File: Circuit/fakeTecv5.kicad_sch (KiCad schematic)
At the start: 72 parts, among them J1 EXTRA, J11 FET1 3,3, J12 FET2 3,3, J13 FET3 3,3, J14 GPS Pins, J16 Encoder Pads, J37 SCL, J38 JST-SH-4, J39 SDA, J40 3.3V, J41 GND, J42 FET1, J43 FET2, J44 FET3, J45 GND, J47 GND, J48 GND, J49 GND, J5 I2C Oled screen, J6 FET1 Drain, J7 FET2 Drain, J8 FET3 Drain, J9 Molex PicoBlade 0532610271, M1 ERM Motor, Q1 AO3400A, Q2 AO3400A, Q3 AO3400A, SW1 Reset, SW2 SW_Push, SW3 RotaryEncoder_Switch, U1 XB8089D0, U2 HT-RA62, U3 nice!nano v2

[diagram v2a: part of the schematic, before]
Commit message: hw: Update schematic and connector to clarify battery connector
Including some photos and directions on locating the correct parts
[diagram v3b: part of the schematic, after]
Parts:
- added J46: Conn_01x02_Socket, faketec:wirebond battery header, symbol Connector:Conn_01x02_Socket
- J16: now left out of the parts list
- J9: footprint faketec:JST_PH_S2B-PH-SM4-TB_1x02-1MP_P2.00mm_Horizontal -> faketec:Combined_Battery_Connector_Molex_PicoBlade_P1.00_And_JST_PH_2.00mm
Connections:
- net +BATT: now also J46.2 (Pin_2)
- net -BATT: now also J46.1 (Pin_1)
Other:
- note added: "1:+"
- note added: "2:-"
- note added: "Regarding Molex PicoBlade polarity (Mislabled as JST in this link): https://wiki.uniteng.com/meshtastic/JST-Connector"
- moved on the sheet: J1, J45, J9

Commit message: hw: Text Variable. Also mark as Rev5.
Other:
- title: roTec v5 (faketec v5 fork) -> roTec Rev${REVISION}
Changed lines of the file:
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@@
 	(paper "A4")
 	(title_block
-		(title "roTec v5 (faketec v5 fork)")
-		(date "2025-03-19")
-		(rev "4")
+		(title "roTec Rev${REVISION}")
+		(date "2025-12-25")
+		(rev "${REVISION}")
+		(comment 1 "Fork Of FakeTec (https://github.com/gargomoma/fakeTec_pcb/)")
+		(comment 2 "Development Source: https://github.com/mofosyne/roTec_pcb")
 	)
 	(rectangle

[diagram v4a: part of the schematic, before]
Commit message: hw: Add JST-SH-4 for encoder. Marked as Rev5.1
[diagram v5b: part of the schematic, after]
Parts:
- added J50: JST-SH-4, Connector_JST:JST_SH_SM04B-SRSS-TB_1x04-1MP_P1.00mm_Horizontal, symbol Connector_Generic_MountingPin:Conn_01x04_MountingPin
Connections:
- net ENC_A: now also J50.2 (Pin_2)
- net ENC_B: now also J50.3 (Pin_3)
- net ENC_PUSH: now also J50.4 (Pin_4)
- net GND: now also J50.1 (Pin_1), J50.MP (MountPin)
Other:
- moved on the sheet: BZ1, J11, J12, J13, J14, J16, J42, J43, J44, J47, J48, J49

▸ **WHAT IS REQUIRED**: Exactly as written above, copy out all the records.

▸ **SOLUTION BELOW**:
File: Circuit/fakeTecv5.kicad_sch (KiCad schematic)
At the start: 72 parts, among them J1 EXTRA, J11 FET1 3,3, J12 FET2 3,3, J13 FET3 3,3, J14 GPS Pins, J16 Encoder Pads, J37 SCL, J38 JST-SH-4, J39 SDA, J40 3.3V, J41 GND, J42 FET1, J43 FET2, J44 FET3, J45 GND, J47 GND, J48 GND, J49 GND, J5 I2C Oled screen, J6 FET1 Drain, J7 FET2 Drain, J8 FET3 Drain, J9 Molex PicoBlade 0532610271, M1 ERM Motor, Q1 AO3400A, Q2 AO3400A, Q3 AO3400A, SW1 Reset, SW2 SW_Push, SW3 RotaryEncoder_Switch, U1 XB8089D0, U2 HT-RA62, U3 nice!nano v2

[diagram v2a: part of the schematic, before]
Commit message: hw: Update schematic and connector to clarify battery connector
Including some photos and directions on locating the correct parts
[diagram v3b: part of the schematic, after]
Parts:
- added J46: Conn_01x02_Socket, faketec:wirebond battery header, symbol Connector:Conn_01x02_Socket
- J16: now left out of the parts list
- J9: footprint faketec:JST_PH_S2B-PH-SM4-TB_1x02-1MP_P2.00mm_Horizontal -> faketec:Combined_Battery_Connector_Molex_PicoBlade_P1.00_And_JST_PH_2.00mm
Connections:
- net +BATT: now also J46.2 (Pin_2)
- net -BATT: now also J46.1 (Pin_1)
Other:
- note added: "1:+"
- note added: "2:-"
- note added: "Regarding Molex PicoBlade polarity (Mislabled as JST in this link): https://wiki.uniteng.com/meshtastic/JST-Connector"
- moved on the sheet: J1, J45, J9

Commit message: hw: Text Variable. Also mark as Rev5.
Other:
- title: roTec v5 (faketec v5 fork) -> roTec Rev${REVISION}
Changed lines of the file:
@@
 	(paper "A4")
 	(title_block
-		(title "roTec v5 (faketec v5 fork)")
-		(date "2025-03-19")
-		(rev "4")
+		(title "roTec Rev${REVISION}")
+		(date "2025-12-25")
+		(rev "${REVISION}")
+		(comment 1 "Fork Of FakeTec (https://github.com/gargomoma/fakeTec_pcb/)")
+		(comment 2 "Development Source: https://github.com/mofosyne/roTec_pcb")
 	)
 	(rectangle

[diagram v4a: part of the schematic, before]
Commit message: hw: Add JST-SH-4 for encoder. Marked as Rev5.1
[diagram v5b: part of the schematic, after]
Parts:
- added J50: JST-SH-4, Connector_JST:JST_SH_SM04B-SRSS-TB_1x04-1MP_P1.00mm_Horizontal, symbol Connector_Generic_MountingPin:Conn_01x04_MountingPin
Connections:
- net ENC_A: now also J50.2 (Pin_2)
- net ENC_B: now also J50.3 (Pin_3)
- net ENC_PUSH: now also J50.4 (Pin_4)
- net GND: now also J50.1 (Pin_1), J50.MP (MountPin)
Other:
- moved on the sheet: BZ1, J11, J12, J13, J14, J16, J42, J43, J44, J47, J48, J49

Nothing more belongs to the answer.